Probabilistic based approaches are other well-known methods to capture the above- discussed correlations. To name some of the approaches, Wu et al. [116] developed a model based on Reservoir Computing (RC), which is a neural network technique, to capture the correlations. The authors observed that there is a high correlation between the number of users requesting a video in some definite time intervals in the past and future. Tan et al. [117] proposed a model based on Pure Birth Process, which is a
time-dependent Markov Chain model, to predict the accumulated future view count of online videos. As the final example, Zaman et al. [118] proposed a model based on Bayesian network to predict the popularity of Tweets.
• The social networks and social relationships of users provide valuable informa- tion for foreseeing the aggregated behavior of users: One of the factors that has an undeniable impact on the popularity of an aggregated behavior amongst users is the social influence of other users.
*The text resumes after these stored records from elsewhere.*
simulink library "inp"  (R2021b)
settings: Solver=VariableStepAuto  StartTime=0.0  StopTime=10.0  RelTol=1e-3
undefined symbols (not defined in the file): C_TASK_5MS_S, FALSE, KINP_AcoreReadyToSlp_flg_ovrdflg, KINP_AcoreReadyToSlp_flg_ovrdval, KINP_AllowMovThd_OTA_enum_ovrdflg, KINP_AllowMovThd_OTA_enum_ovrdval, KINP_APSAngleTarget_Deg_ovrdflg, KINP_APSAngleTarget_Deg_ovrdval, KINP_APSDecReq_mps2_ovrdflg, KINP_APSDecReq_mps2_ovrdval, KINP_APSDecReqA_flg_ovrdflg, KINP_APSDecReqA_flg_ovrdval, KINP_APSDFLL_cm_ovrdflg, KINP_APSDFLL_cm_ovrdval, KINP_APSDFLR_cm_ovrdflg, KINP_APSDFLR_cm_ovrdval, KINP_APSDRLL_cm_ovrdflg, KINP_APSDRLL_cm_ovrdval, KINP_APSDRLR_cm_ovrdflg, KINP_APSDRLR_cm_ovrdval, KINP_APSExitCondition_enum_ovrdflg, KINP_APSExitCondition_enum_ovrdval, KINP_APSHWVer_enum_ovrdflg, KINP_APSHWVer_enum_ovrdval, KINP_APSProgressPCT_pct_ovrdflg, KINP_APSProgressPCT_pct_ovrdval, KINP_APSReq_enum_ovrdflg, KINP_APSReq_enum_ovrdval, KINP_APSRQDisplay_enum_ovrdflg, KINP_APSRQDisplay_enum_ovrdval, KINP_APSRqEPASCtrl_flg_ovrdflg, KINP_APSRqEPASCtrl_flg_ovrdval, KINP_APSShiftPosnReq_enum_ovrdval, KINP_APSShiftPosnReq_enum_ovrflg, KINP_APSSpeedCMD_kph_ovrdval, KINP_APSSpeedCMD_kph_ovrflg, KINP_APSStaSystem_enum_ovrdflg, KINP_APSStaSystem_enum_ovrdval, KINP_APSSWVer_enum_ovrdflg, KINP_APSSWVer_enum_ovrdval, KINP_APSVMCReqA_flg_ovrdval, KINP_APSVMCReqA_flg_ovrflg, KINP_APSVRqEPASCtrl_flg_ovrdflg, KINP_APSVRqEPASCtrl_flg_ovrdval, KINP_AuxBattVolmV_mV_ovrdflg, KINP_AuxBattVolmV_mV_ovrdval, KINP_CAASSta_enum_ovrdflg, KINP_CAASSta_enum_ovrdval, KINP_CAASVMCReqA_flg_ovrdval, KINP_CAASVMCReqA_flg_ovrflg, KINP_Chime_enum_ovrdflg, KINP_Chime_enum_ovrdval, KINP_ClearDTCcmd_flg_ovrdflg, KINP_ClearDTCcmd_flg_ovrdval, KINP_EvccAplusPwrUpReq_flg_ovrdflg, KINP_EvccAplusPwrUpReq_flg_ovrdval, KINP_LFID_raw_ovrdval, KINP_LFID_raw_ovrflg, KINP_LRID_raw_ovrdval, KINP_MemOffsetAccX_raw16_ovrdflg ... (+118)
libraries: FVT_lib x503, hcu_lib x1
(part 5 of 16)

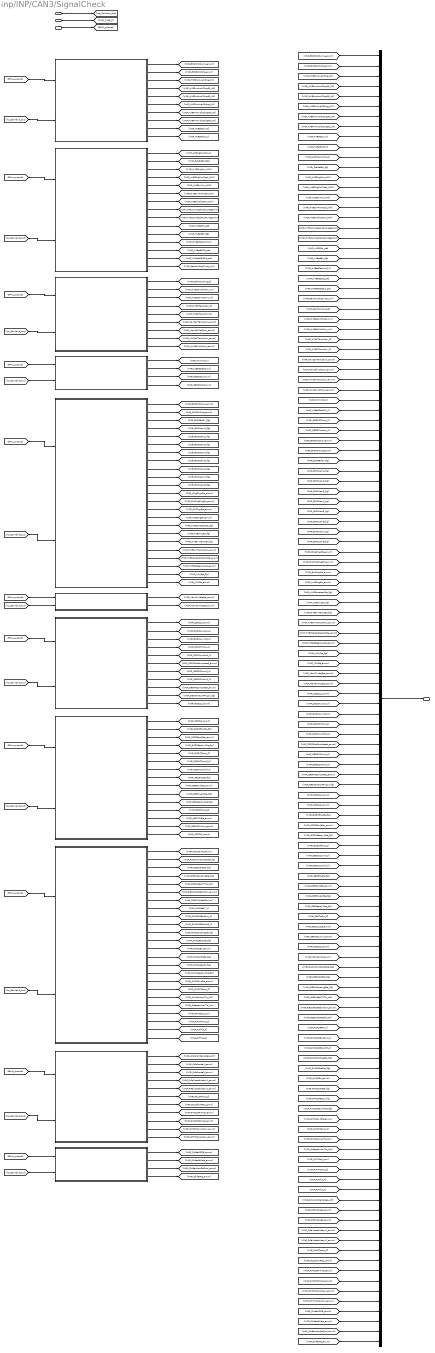
== system inp/INP/CAN3/SignalCheck ==
  inp_CanValid_bus : Inport
  TASK_TIME_S : Inport  Port=2
  BHAL_outputs : Inport  Port=3
  BMS1 : Subsystem
  BMS3 : Subsystem
  BMS4 : Subsystem
  BMS5 : Subsystem
  BMS6 : Subsystem
  BMS8 : Subsystem
  CCU1 : Subsystem
  CCU2 : Subsystem
  MCU_B_R1 : Subsystem
  MCU_B_R2 : Subsystem
  Shifter1 : Subsystem
  bus_creator : BusCreator  Inputs=128
  inp_Hal_bus : Outport
  wires:
  inp_CanValid_bus/1 -> [inp_CanValid_bus]
  TASK_TIME_S/1 -> [TASK_TIME_S]
  BHAL_outputs/1 -> [BHAL_outputs]
  [BHAL_outputs] -> BMS1/1(BHAL_outputs)
  [inp_CanValid_bus] -> BMS1/2(inp_CanValid_bus)
  BMS1/1(VINP_BMSChckSum1_enum) -> [VINP_BMSChckSum1_enum]
  BMS1/2(VINP_BMSRolCnct1_enum) -> [VINP_BMSRolCnct1_enum]
  BMS1/3(VINP_HVBPwrAvailChrg_kW) -> [VINP_HVBPwrAvailChrg_kW]
  BMS1/4(VINP_HVBPwrAvailChrg30_kW) -> [VINP_HVBPwrAvailChrg30_kW]
  BMS1/5(VINP_HVBPwrAvailChrg60_kW) -> [VINP_HVBPwrAvailChrg60_kW]
  BMS1/6(VINP_HVBPwrAvailDchrg_kW) -> [VINP_HVBPwrAvailDchrg_kW]
  BMS1/7(VINP_HVBPwrAvailDchrg30_kW) -> [VINP_HVBPwrAvailDchrg30_kW]
  BMS1/8(VINP_HVBPwrAvailDchrg60_kW) -> [VINP_HVBPwrAvailDchrg60_kW]
  BMS1/9(VINP_HVBattCurr_A) -> [VINP_HVBattCurr_A]
  BMS1/10(VINP_HVBattVolt_V) -> [VINP_HVBattVolt_V]
  [BHAL_outputs] -> BMS3/1(BHAL_outputs)
  [inp_CanValid_bus] -> BMS3/2(inp_CanValid_bus)
  BMS3/1(VINP_ACChrgCurrDis_A) -> [VINP_ACChrgCurrDis_A]
  BMS3/2(VINP_FireDetErr_flg) -> [VINP_FireDetErr_flg]
  BMS3/3(VINP_HVBChrgPwr_kWh) -> [VINP_HVBChrgPwr_kWh]
  BMS3/4(VINP_HVBChrgPwrTotal_kWh) -> [VINP_HVBChrgPwrTotal_kWh]
  BMS3/5(VINP_HVBDrvPwr_kWh) -> [VINP_HVBDrvPwr_kWh]
  BMS3/6(VINP_HVBDrvPwrTotal_kWh) -> [VINP_HVBDrvPwrTotal_kWh]
  BMS3/7(VINP_HVBFullChrgPwr_kWh) -> [VINP_HVBFullChrgPwr_kWh]
  BMS3/8(VINP_HVBIsoImpedenceN_Megaohm) -> [VINP_HVBIsoImpedenceN_Megaohm]
  BMS3/9(VINP_HVBIsoImpedenceP_Megaohm) -> [VINP_HVBIsoImpedenceP_Megaohm]
  BMS3/10(VINP_HVBSOH_pct) -> [VINP_HVBSOH_pct]
  BMS3/11(VINP_HVBattErr_flg) -> [VINP_HVBattErr_flg]
  BMS3/12(VINP_HVBattPackVolt_V) -> [VINP_HVBattPackVolt_V]
  BMS3/13(VINP_HVBattSOC_pct) -> [VINP_HVBattSOC_pct]
  BMS3/14(VINP_HVBattSOCDis_pct) -> [VINP_HVBattSOCDis_pct]
  BMS3/15(VINP_RemainChrgTime_min) -> [VINP_RemainChrgTime_min]
  [BHAL_outputs] -> BMS4/1(BHAL_outputs)
  [inp_CanValid_bus] -> BMS4/2(inp_CanValid_bus)
  BMS4/1(VINP_CellTempAvg_C) -> [VINP_CellTempAvg_C]
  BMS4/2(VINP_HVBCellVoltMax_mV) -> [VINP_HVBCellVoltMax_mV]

For example, the popularity of an online content (e.g. video) can grow because of recommending the content by users to their acquaintances. As a good illustrative example, Nwana et al. [119] developed a latent social approach to foresee popular contents in a campus network. The dataset that the authors used for evaluation contained YouTube traces in the University of Massachusetts. The authors utilized S-I model (which is a virus diffusion model) with latent parameters to capture user-user sharing probabilities. Moreover, it has been proved that there is a significant correlation between the social influence of the uploader (or the number of followers) of a video and the popularity of the uploaded video [120].
Social streams gathered from social networks, such as Twitter, can be used to foresee the sudden growth in the popularity of videos [121]. The streams can be exploited as an indicator of popular topics and also a criterion videos’ social prominence.
As the final example, Castillo et al. [122] proposed a method that utilizes the received early attention for news articles on social networks to forecast the total number of receive page views for that article on a news site.
• The content and topic of videos influence the decision of users about performing or not performing an aggregated behavior: Recent studies have shown that the genre and content of a video significantly affect the popularity of the video [123, 120]. Some genres are more popular than other genres and also in some periods of times some topics are more popular than other topics. For illustrations, Xie et al. [123] used image processing techniques to find those video that are related to two popular topics in YouTube in 2009, namely swine flu and Iran election. The authors showed that this information is much useful to predict the popularity of a new content.